Bit.trip.beat is driving me and my little sister completely insane.

Split-screen is awkward. Also, if online play starts to sap your social skills, that's your fault, not the game's.

Most of my best gaming experiences were playing Games like goldeneye and perfect dark with my friends, and then later, nightfire (We had high hopes after goldeneye...)

But meh, I enjoy TF2 nonetheless, but I wish games would stop cutting out Local play.

conqueror Kenny:
Split screen is dying out because LAN is all the rage now...etc.

LANing has been dying out slowly with the onset of greater connectivity to the internet. Back in the day (yes I'll use those words) some ten years ago, when everyone was sitting at (at most) a 56.6kbps modem the only way to properly play games against each other on a PC-rig was to drag said rig over to your friends house or do what my group did, rent a locale over a weekend and have 20 people show up, each paying a small part.
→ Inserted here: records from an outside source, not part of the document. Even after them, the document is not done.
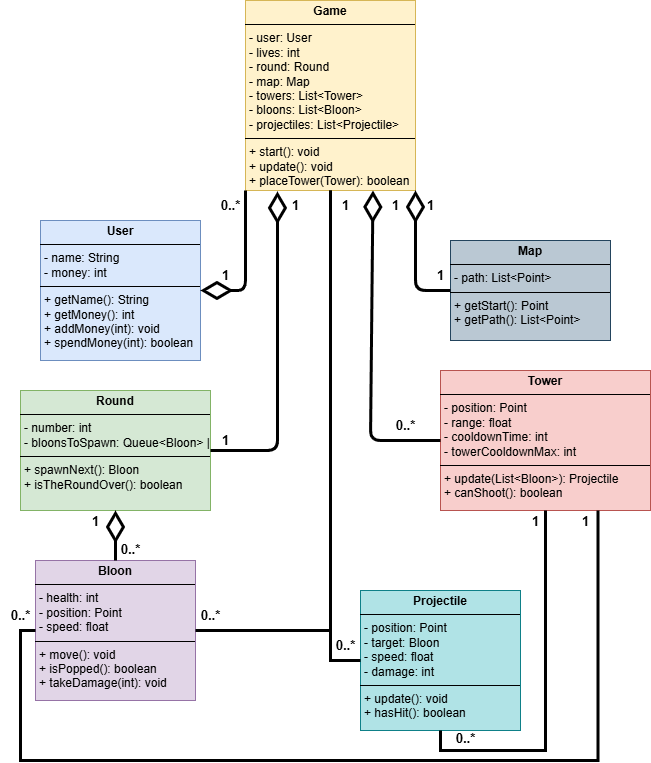

The diagram above was exported from draw.io. Its source (the exported page's mxGraphModel, read from the mxfile embedded in the PNG):
<mxGraphModel dx="784" dy="1136" grid="1" gridSize="10" guides="1" tooltips="1" connect="1" arrows="1" fold="1" page="1" pageScale="1" pageWidth="850" pageHeight="1100" math="0" shadow="0">
  <root>
    <mxCell id="0" />
    <mxCell id="1" parent="0" />
    <mxCell id="OjWVO4dZPw8-6zKCJIcX-1" value="&lt;p style=&quot;margin:0px;margin-top:4px;text-align:center;&quot;&gt;&lt;b&gt;User&lt;/b&gt;&lt;/p&gt;&lt;hr size=&quot;1&quot; style=&quot;border-style:solid;&quot;&gt;&lt;p style=&quot;margin:0px;margin-left:4px;&quot;&gt;- name: String&lt;/p&gt;&lt;p style=&quot;margin:0px;margin-left:4px;&quot;&gt;- money: int&lt;/p&gt;&lt;hr size=&quot;1&quot; style=&quot;border-style:solid;&quot;&gt;&lt;p style=&quot;margin:0px;margin-left:4px;&quot;&gt;+ getName(): String&lt;/p&gt;&lt;p style=&quot;margin:0px;margin-left:4px;&quot;&gt;+ getMoney(): int&amp;nbsp;&lt;/p&gt;&lt;p style=&quot;margin:0px;margin-left:4px;&quot;&gt;+ addMoney(int): void&lt;/p&gt;&lt;p style=&quot;margin:0px;margin-left:4px;&quot;&gt;+ spendMoney(int): boolean&lt;/p&gt;" style="verticalAlign=top;align=left;overflow=fill;html=1;whiteSpace=wrap;fillColor=#dae8fc;strokeColor=#6c8ebf;" vertex="1" parent="1">
      <mxGeometry x="50" y="240" width="160" height="140" as="geometry" />
    </mxCell>
    <mxCell id="OjWVO4dZPw8-6zKCJIcX-2" value="&lt;p style=&quot;margin:0px;margin-top:4px;text-align:center;&quot;&gt;&lt;b&gt;Game&lt;/b&gt;&lt;/p&gt;&lt;hr size=&quot;1&quot; style=&quot;border-style:solid;&quot;&gt;&lt;p style=&quot;margin:0px;margin-left:4px;&quot;&gt;- user: User&amp;nbsp;&lt;/p&gt;&lt;p style=&quot;margin:0px;margin-left:4px;&quot;&gt;- lives: int&lt;/p&gt;&lt;p style=&quot;margin:0px;margin-left:4px;&quot;&gt;- round: Round&lt;/p&gt;&lt;p style=&quot;margin:0px;margin-left:4px;&quot;&gt;- map: Map&lt;/p&gt;&lt;p style=&quot;margin:0px;margin-left:4px;&quot;&gt;- towers: List&amp;lt;Tower&amp;gt;&lt;/p&gt;&lt;p style=&quot;margin:0px;margin-left:4px;&quot;&gt;- bloons: List&amp;lt;Bloon&amp;gt;&lt;/p&gt;&lt;p style=&quot;margin:0px;margin-left:4px;&quot;&gt;- projectiles: List&amp;lt;Projectile&amp;gt;&lt;/p&gt;&lt;hr size=&quot;1&quot; style=&quot;border-style:solid;&quot;&gt;&lt;p style=&quot;margin:0px;margin-left:4px;&quot;&gt;+ start(): void&lt;/p&gt;&lt;p style=&quot;margin:0px;margin-left:4px;&quot;&gt;+ update(): void&lt;/p&gt;&lt;p style=&quot;margin:0px;margin-left:4px;&quot;&gt;+ placeTower(Tower): boolean |&lt;/p&gt;" style="verticalAlign=top;align=left;overflow=fill;html=1;whiteSpace=wrap;fillColor=#fff2cc;strokeColor=#d6b656;" vertex="1" parent="1">
      <mxGeometry x="255" y="20" width="170" height="190" as="geometry" />
    </mxCell>
    <mxCell id="OjWVO4dZPw8-6zKCJIcX-3" value="&lt;p style=&quot;margin:0px;margin-top:4px;text-align:center;&quot;&gt;&lt;b&gt;Round&lt;/b&gt;&lt;/p&gt;&lt;hr size=&quot;1&quot; style=&quot;border-style:solid;&quot;&gt;&lt;p style=&quot;margin:0px;margin-left:4px;&quot;&gt;- number: int&lt;/p&gt;&lt;p style=&quot;margin:0px;margin-left:4px;&quot;&gt;- bloonsToSpawn: Queue&amp;lt;Bloon&amp;gt; |&lt;/p&gt;&lt;hr size=&quot;1&quot; style=&quot;border-style:solid;&quot;&gt;&lt;p style=&quot;margin:0px;margin-left:4px;&quot;&gt;+ spawnNext(): Bloon&lt;/p&gt;&lt;p style=&quot;margin:0px;margin-left:4px;&quot;&gt;+ isTheRoundOver(): boolean&lt;/p&gt;" style="verticalAlign=top;align=left;overflow=fill;html=1;whiteSpace=wrap;fillColor=#d5e8d4;strokeColor=#82b366;" vertex="1" parent="1">
      <mxGeometry x="30" y="410" width="190" height="120" as="geometry" />
    </mxCell>
    <mxCell id="OjWVO4dZPw8-6zKCJIcX-4" value="&lt;p style=&quot;margin:0px;margin-top:4px;text-align:center;&quot;&gt;&lt;b&gt;Bloon&lt;/b&gt;&lt;/p&gt;&lt;hr size=&quot;1&quot; style=&quot;border-style:solid;&quot;&gt;&lt;p style=&quot;margin:0px;margin-left:4px;&quot;&gt;- health: int&lt;/p&gt;&lt;p style=&quot;margin:0px;margin-left:4px;&quot;&gt;- position: Point&lt;/p&gt;&lt;p style=&quot;margin:0px;margin-left:4px;&quot;&gt;- speed: float&lt;/p&gt;&lt;hr size=&quot;1&quot; style=&quot;border-style:solid;&quot;&gt;&lt;p style=&quot;margin:0px;margin-left:4px;&quot;&gt;+ move(): void&lt;/p&gt;&lt;p style=&quot;margin:0px;margin-left:4px;&quot;&gt;+ isPopped(): boolean&lt;/p&gt;&lt;p style=&quot;margin:0px;margin-left:4px;&quot;&gt;+ takeDamage(int): void&lt;/p&gt;" style="verticalAlign=top;align=left;overflow=fill;html=1;whiteSpace=wrap;fillColor=#e1d5e7;strokeColor=#9673a6;" vertex="1" parent="1">
      <mxGeometry x="45" y="580" width="160" height="140" as="geometry" />
    </mxCell>
    <mxCell id="OjWVO4dZPw8-6zKCJIcX-5" value="&lt;p style=&quot;margin:0px;margin-top:4px;text-align:center;&quot;&gt;&lt;b&gt;Tower&lt;/b&gt;&lt;/p&gt;&lt;hr size=&quot;1&quot; style=&quot;border-style:solid;&quot;&gt;&lt;p style=&quot;margin:0px;margin-left:4px;&quot;&gt;- position: Point&lt;/p&gt;&lt;p style=&quot;margin:0px;margin-left:4px;&quot;&gt;- range: float&lt;/p&gt;&lt;p style=&quot;margin:0px;margin-left:4px;&quot;&gt;- cooldownTime: int&amp;nbsp;&lt;/p&gt;&lt;p style=&quot;margin:0px;margin-left:4px;&quot;&gt;- towerCooldownMax: int&amp;nbsp;&lt;/p&gt;&lt;hr size=&quot;1&quot; style=&quot;border-style:solid;&quot;&gt;&lt;p style=&quot;margin:0px;margin-left:4px;&quot;&gt;+ update(List&amp;lt;Bloon&amp;gt;): Projectile&lt;/p&gt;&lt;p style=&quot;margin:0px;margin-left:4px;&quot;&gt;+ canShoot(): boolean&lt;/p&gt;" style="verticalAlign=top;align=left;overflow=fill;html=1;whiteSpace=wrap;fillColor=#f8cecc;strokeColor=#b85450;" vertex="1" parent="1">
      <mxGeometry x="450" y="390" width="210" height="140" as="geometry" />
    </mxCell>
    <mxCell id="OjWVO4dZPw8-6zKCJIcX-6" value="&lt;p style=&quot;margin:0px;margin-top:4px;text-align:center;&quot;&gt;&lt;b&gt;Projectile&lt;/b&gt;&lt;/p&gt;&lt;hr size=&quot;1&quot; style=&quot;border-style:solid;&quot;&gt;&lt;p style=&quot;margin:0px;margin-left:4px;&quot;&gt;- position: Point&lt;/p&gt;&lt;p style=&quot;margin:0px;margin-left:4px;&quot;&gt;- target: Bloon&lt;/p&gt;&lt;p style=&quot;margin:0px;margin-left:4px;&quot;&gt;- speed: float&lt;/p&gt;&lt;p style=&quot;margin:0px;margin-left:4px;&quot;&gt;- damage: int&amp;nbsp;&lt;/p&gt;&lt;hr size=&quot;1&quot; style=&quot;border-style:solid;&quot;&gt;&lt;p style=&quot;margin:0px;margin-left:4px;&quot;&gt;+ update(): void&lt;/p&gt;&lt;p style=&quot;margin:0px;margin-left:4px;&quot;&gt;+ hasHit(): boolean&lt;/p&gt;" style="verticalAlign=top;align=left;overflow=fill;html=1;whiteSpace=wrap;fillColor=#b0e3e6;strokeColor=#0e8088;" vertex="1" parent="1">
      <mxGeometry x="370" y="610" width="160" height="140" as="geometry" />
    </mxCell>
    <mxCell id="OjWVO4dZPw8-6zKCJIcX-7" value="&lt;p style=&quot;margin:0px;margin-top:4px;text-align:center;&quot;&gt;&lt;b&gt;Map&lt;/b&gt;&lt;/p&gt;&lt;hr size=&quot;1&quot; style=&quot;border-style:solid;&quot;&gt;&lt;p style=&quot;margin:0px;margin-left:4px;&quot;&gt;- path: List&amp;lt;Point&amp;gt;&lt;/p&gt;&lt;hr size=&quot;1&quot; style=&quot;border-style:solid;&quot;&gt;&lt;p style=&quot;margin:0px;margin-left:4px;&quot;&gt;+ getStart(): Point&lt;/p&gt;&lt;p style=&quot;margin:0px;margin-left:4px;&quot;&gt;+ getPath(): List&amp;lt;Point&amp;gt;&lt;/p&gt;" style="verticalAlign=top;align=left;overflow=fill;html=1;whiteSpace=wrap;fillColor=#bac8d3;strokeColor=#23445d;" vertex="1" parent="1">
      <mxGeometry x="460" y="260" width="160" height="100" as="geometry" />
    </mxCell>
    <mxCell id="OjWVO4dZPw8-6zKCJIcX-8" value="" style="endArrow=diamondThin;endFill=0;endSize=24;html=1;rounded=1;entryX=1;entryY=0.5;entryDx=0;entryDy=0;curved=0;strokeWidth=3;exitX=0;exitY=1;exitDx=0;exitDy=0;" edge="1" parent="1" source="OjWVO4dZPw8-6zKCJIcX-2" target="OjWVO4dZPw8-6zKCJIcX-1">
      <mxGeometry width="160" relative="1" as="geometry">
        <mxPoint x="290" y="250" as="sourcePoint" />
        <mxPoint x="160" y="480" as="targetPoint" />
        <Array as="points">
          <mxPoint x="255" y="310" />
        </Array>
      </mxGeometry>
    </mxCell>
    <mxCell id="OjWVO4dZPw8-6zKCJIcX-9" value="" style="endArrow=diamondThin;endFill=0;endSize=24;html=1;rounded=1;curved=0;strokeWidth=3;exitX=0;exitY=0.5;exitDx=0;exitDy=0;entryX=1;entryY=1;entryDx=0;entryDy=0;" edge="1" parent="1" source="OjWVO4dZPw8-6zKCJIcX-7" target="OjWVO4dZPw8-6zKCJIcX-2">
      <mxGeometry width="160" relative="1" as="geometry">
        <mxPoint x="420" y="380" as="sourcePoint" />
        <mxPoint x="390" y="220" as="targetPoint" />
        <Array as="points">
          <mxPoint x="425" y="310" />
        </Array>
      </mxGeometry>
    </mxCell>
    <mxCell id="OjWVO4dZPw8-6zKCJIcX-14" value="" style="endArrow=diamondThin;endFill=0;endSize=24;html=1;rounded=1;curved=0;strokeWidth=3;exitX=0;exitY=0.5;exitDx=0;exitDy=0;entryX=0.75;entryY=1;entryDx=0;entryDy=0;" edge="1" parent="1" source="OjWVO4dZPw8-6zKCJIcX-5" target="OjWVO4dZPw8-6zKCJIcX-2">
      <mxGeometry width="160" relative="1" as="geometry">
        <mxPoint x="420" y="450" as="sourcePoint" />
        <mxPoint x="430" y="230" as="targetPoint" />
        <Array as="points">
          <mxPoint x="380" y="460" />
        </Array>
      </mxGeometry>
    </mxCell>
    <mxCell id="OjWVO4dZPw8-6zKCJIcX-15" value="" style="endArrow=diamondThin;endFill=0;endSize=24;html=1;rounded=1;curved=0;strokeWidth=3;exitX=1;exitY=0.5;exitDx=0;exitDy=0;entryX=0.188;entryY=1.005;entryDx=0;entryDy=0;entryPerimeter=0;" edge="1" parent="1" source="OjWVO4dZPw8-6zKCJIcX-3" target="OjWVO4dZPw8-6zKCJIcX-2">
      <mxGeometry width="160" relative="1" as="geometry">
        <mxPoint x="285" y="420" as="sourcePoint" />
        <mxPoint x="250" y="320" as="targetPoint" />
        <Array as="points">
          <mxPoint x="287" y="470" />
        </Array>
      </mxGeometry>
    </mxCell>
    <mxCell id="OjWVO4dZPw8-6zKCJIcX-25" value="" style="endArrow=none;html=1;edgeStyle=orthogonalEdgeStyle;rounded=0;strokeWidth=3;exitX=0.5;exitY=1;exitDx=0;exitDy=0;entryX=1;entryY=0.5;entryDx=0;entryDy=0;" edge="1" parent="1" source="OjWVO4dZPw8-6zKCJIcX-2" target="OjWVO4dZPw8-6zKCJIcX-4">
      <mxGeometry relative="1" as="geometry">
        <mxPoint x="350" y="610" as="sourcePoint" />
        <mxPoint x="420" y="1060" as="targetPoint" />
      </mxGeometry>
    </mxCell>
    <mxCell id="OjWVO4dZPw8-6zKCJIcX-28" value="" style="endArrow=none;html=1;edgeStyle=orthogonalEdgeStyle;rounded=0;strokeWidth=3;exitX=0.5;exitY=1;exitDx=0;exitDy=0;entryX=0;entryY=0.5;entryDx=0;entryDy=0;" edge="1" parent="1" source="OjWVO4dZPw8-6zKCJIcX-2" target="OjWVO4dZPw8-6zKCJIcX-6">
      <mxGeometry relative="1" as="geometry">
        <mxPoint x="345" y="740" as="sourcePoint" />
        <mxPoint x="505" y="740" as="targetPoint" />
        <Array as="points">
          <mxPoint x="340" y="680" />
        </Array>
      </mxGeometry>
    </mxCell>
    <mxCell id="OjWVO4dZPw8-6zKCJIcX-33" value="" style="endArrow=none;html=1;edgeStyle=orthogonalEdgeStyle;rounded=0;strokeWidth=3;exitX=0.5;exitY=1;exitDx=0;exitDy=0;entryX=0.5;entryY=1;entryDx=0;entryDy=0;" edge="1" parent="1" source="OjWVO4dZPw8-6zKCJIcX-5" target="OjWVO4dZPw8-6zKCJIcX-6">
      <mxGeometry relative="1" as="geometry">
        <mxPoint x="480" y="620" as="sourcePoint" />
        <mxPoint x="550" y="1070" as="targetPoint" />
        <Array as="points">
          <mxPoint x="555" y="770" />
          <mxPoint x="450" y="770" />
        </Array>
      </mxGeometry>
    </mxCell>
    <mxCell id="OjWVO4dZPw8-6zKCJIcX-36" value="" style="endArrow=none;html=1;edgeStyle=orthogonalEdgeStyle;rounded=0;strokeWidth=3;exitX=0.75;exitY=1;exitDx=0;exitDy=0;entryX=0;entryY=0.5;entryDx=0;entryDy=0;" edge="1" parent="1" source="OjWVO4dZPw8-6zKCJIcX-5" target="OjWVO4dZPw8-6zKCJIcX-4">
      <mxGeometry relative="1" as="geometry">
        <mxPoint x="780" y="970" as="sourcePoint" />
        <mxPoint x="400" y="1340" as="targetPoint" />
        <Array as="points">
          <mxPoint x="608" y="780" />
          <mxPoint x="30" y="780" />
          <mxPoint x="30" y="650" />
        </Array>
      </mxGeometry>
    </mxCell>
    <mxCell id="OjWVO4dZPw8-6zKCJIcX-39" value="" style="endArrow=diamondThin;endFill=0;endSize=24;html=1;rounded=1;entryX=0.5;entryY=1;entryDx=0;entryDy=0;curved=0;strokeWidth=3;exitX=0.5;exitY=0;exitDx=0;exitDy=0;" edge="1" parent="1" source="OjWVO4dZPw8-6zKCJIcX-4" target="OjWVO4dZPw8-6zKCJIcX-3">
      <mxGeometry width="160" relative="1" as="geometry">
        <mxPoint x="415" y="430" as="sourcePoint" />
        <mxPoint x="370" y="530" as="targetPoint" />
        <Array as="points" />
      </mxGeometry>
    </mxCell>
    <mxCell id="OjWVO4dZPw8-6zKCJIcX-42" value="&lt;b&gt;&lt;font style=&quot;font-size: 13px;&quot;&gt;1&lt;/font&gt;&lt;/b&gt;" style="text;html=1;align=center;verticalAlign=middle;resizable=0;points=[];autosize=1;strokeColor=none;fillColor=none;" vertex="1" parent="1">
      <mxGeometry x="220" y="280" width="30" height="30" as="geometry" />
    </mxCell>
    <mxCell id="OjWVO4dZPw8-6zKCJIcX-43" value="&lt;b&gt;&lt;font style=&quot;font-size: 13px;&quot;&gt;1&lt;/font&gt;&lt;/b&gt;" style="text;html=1;align=center;verticalAlign=middle;resizable=0;points=[];autosize=1;strokeColor=none;fillColor=none;" vertex="1" parent="1">
      <mxGeometry x="290" y="210" width="30" height="30" as="geometry" />
    </mxCell>
    <mxCell id="OjWVO4dZPw8-6zKCJIcX-44" value="&lt;b&gt;&lt;font style=&quot;font-size: 13px;&quot;&gt;1&lt;/font&gt;&lt;/b&gt;" style="text;html=1;align=center;verticalAlign=middle;resizable=0;points=[];autosize=1;strokeColor=none;fillColor=none;" vertex="1" parent="1">
      <mxGeometry x="340" y="210" width="30" height="30" as="geometry" />
    </mxCell>
    <mxCell id="OjWVO4dZPw8-6zKCJIcX-45" value="&lt;b&gt;&lt;font style=&quot;font-size: 13px;&quot;&gt;1&lt;/font&gt;&lt;/b&gt;" style="text;html=1;align=center;verticalAlign=middle;resizable=0;points=[];autosize=1;strokeColor=none;fillColor=none;" vertex="1" parent="1">
      <mxGeometry x="390" y="210" width="30" height="30" as="geometry" />
    </mxCell>
    <mxCell id="OjWVO4dZPw8-6zKCJIcX-46" value="&lt;b&gt;&lt;font style=&quot;font-size: 13px;&quot;&gt;1&lt;/font&gt;&lt;/b&gt;" style="text;html=1;align=center;verticalAlign=middle;resizable=0;points=[];autosize=1;strokeColor=none;fillColor=none;" vertex="1" parent="1">
      <mxGeometry x="425" y="210" width="30" height="30" as="geometry" />
    </mxCell>
    <mxCell id="OjWVO4dZPw8-6zKCJIcX-48" value="&lt;b&gt;&lt;font style=&quot;font-size: 13px;&quot;&gt;0..*&lt;/font&gt;&lt;/b&gt;" style="text;html=1;align=center;verticalAlign=middle;resizable=0;points=[];autosize=1;strokeColor=none;fillColor=none;" vertex="1" parent="1">
      <mxGeometry x="220" y="210" width="40" height="30" as="geometry" />
    </mxCell>
    <mxCell id="OjWVO4dZPw8-6zKCJIcX-49" value="&lt;b&gt;&lt;font style=&quot;font-size: 13px;&quot;&gt;1&lt;/font&gt;&lt;/b&gt;" style="text;html=1;align=center;verticalAlign=middle;resizable=0;points=[];autosize=1;strokeColor=none;fillColor=none;" vertex="1" parent="1">
      <mxGeometry x="220" y="445" width="30" height="30" as="geometry" />
    </mxCell>
    <mxCell id="OjWVO4dZPw8-6zKCJIcX-50" value="&lt;b&gt;&lt;font style=&quot;font-size: 13px;&quot;&gt;1&lt;/font&gt;&lt;/b&gt;" style="text;html=1;align=center;verticalAlign=middle;resizable=0;points=[];autosize=1;strokeColor=none;fillColor=none;" vertex="1" parent="1">
      <mxGeometry x="435" y="280" width="30" height="30" as="geometry" />
    </mxCell>
    <mxCell id="OjWVO4dZPw8-6zKCJIcX-51" value="&lt;b&gt;&lt;font style=&quot;font-size: 13px;&quot;&gt;0..*&lt;/font&gt;&lt;/b&gt;" style="text;html=1;align=center;verticalAlign=middle;resizable=0;points=[];autosize=1;strokeColor=none;fillColor=none;" vertex="1" parent="1">
      <mxGeometry x="395" y="430" width="40" height="30" as="geometry" />
    </mxCell>
    <mxCell id="OjWVO4dZPw8-6zKCJIcX-52" value="&lt;b&gt;&lt;font style=&quot;font-size: 13px;&quot;&gt;0..*&lt;/font&gt;&lt;/b&gt;" style="text;html=1;align=center;verticalAlign=middle;resizable=0;points=[];autosize=1;strokeColor=none;fillColor=none;" vertex="1" parent="1">
      <mxGeometry x="200" y="620" width="40" height="30" as="geometry" />
    </mxCell>
    <mxCell id="OjWVO4dZPw8-6zKCJIcX-53" value="&lt;b&gt;&lt;font style=&quot;font-size: 13px;&quot;&gt;0..*&lt;/font&gt;&lt;/b&gt;" style="text;html=1;align=center;verticalAlign=middle;resizable=0;points=[];autosize=1;strokeColor=none;fillColor=none;" vertex="1" parent="1">
      <mxGeometry x="335" y="650" width="40" height="30" as="geometry" />
    </mxCell>
    <mxCell id="OjWVO4dZPw8-6zKCJIcX-54" value="&lt;b&gt;&lt;font style=&quot;font-size: 13px;&quot;&gt;0..*&lt;/font&gt;&lt;/b&gt;" style="text;html=1;align=center;verticalAlign=middle;resizable=0;points=[];autosize=1;strokeColor=none;fillColor=none;" vertex="1" parent="1">
      <mxGeometry x="120" y="554" width="40" height="30" as="geometry" />
    </mxCell>
    <mxCell id="OjWVO4dZPw8-6zKCJIcX-55" value="&lt;b&gt;&lt;font style=&quot;font-size: 13px;&quot;&gt;1&lt;/font&gt;&lt;/b&gt;" style="text;html=1;align=center;verticalAlign=middle;resizable=0;points=[];autosize=1;strokeColor=none;fillColor=none;" vertex="1" parent="1">
      <mxGeometry x="90" y="526" width="30" height="30" as="geometry" />
    </mxCell>
    <mxCell id="OjWVO4dZPw8-6zKCJIcX-56" value="&lt;b&gt;&lt;font style=&quot;font-size: 13px;&quot;&gt;1&lt;/font&gt;&lt;/b&gt;" style="text;html=1;align=center;verticalAlign=middle;resizable=0;points=[];autosize=1;strokeColor=none;fillColor=none;" vertex="1" parent="1">
      <mxGeometry x="530" y="526" width="30" height="30" as="geometry" />
    </mxCell>
    <mxCell id="OjWVO4dZPw8-6zKCJIcX-57" value="&lt;b&gt;&lt;font style=&quot;font-size: 13px;&quot;&gt;1&lt;/font&gt;&lt;/b&gt;" style="text;html=1;align=center;verticalAlign=middle;resizable=0;points=[];autosize=1;strokeColor=none;fillColor=none;" vertex="1" parent="1">
      <mxGeometry x="580" y="526" width="30" height="30" as="geometry" />
    </mxCell>
    <mxCell id="OjWVO4dZPw8-6zKCJIcX-58" value="&lt;b&gt;&lt;font style=&quot;font-size: 13px;&quot;&gt;0..*&lt;/font&gt;&lt;/b&gt;" style="text;html=1;align=center;verticalAlign=middle;resizable=0;points=[];autosize=1;strokeColor=none;fillColor=none;" vertex="1" parent="1">
      <mxGeometry x="455" y="743" width="40" height="30" as="geometry" />
    </mxCell>
    <mxCell id="OjWVO4dZPw8-6zKCJIcX-59" value="&lt;b&gt;&lt;font style=&quot;font-size: 13px;&quot;&gt;0..*&lt;/font&gt;&lt;/b&gt;" style="text;html=1;align=center;verticalAlign=middle;resizable=0;points=[];autosize=1;strokeColor=none;fillColor=none;" vertex="1" parent="1">
      <mxGeometry x="10" y="620" width="40" height="30" as="geometry" />
    </mxCell>
  </root>
</mxGraphModel>

LAN parties were also the best way to get new pirated games or music, making the meeting pretty darn vital for exchange of "warez and fluff".

Now as the speed, and availability of broadband, connections increased the need to participate in medium sized LANs decreased, since you could stay at home and play online instead and use (at the time) Napster or other software to DL what you needed. Medium LANs grew "out of fashion" and today a lot of the larger (100+) LANs are non existent.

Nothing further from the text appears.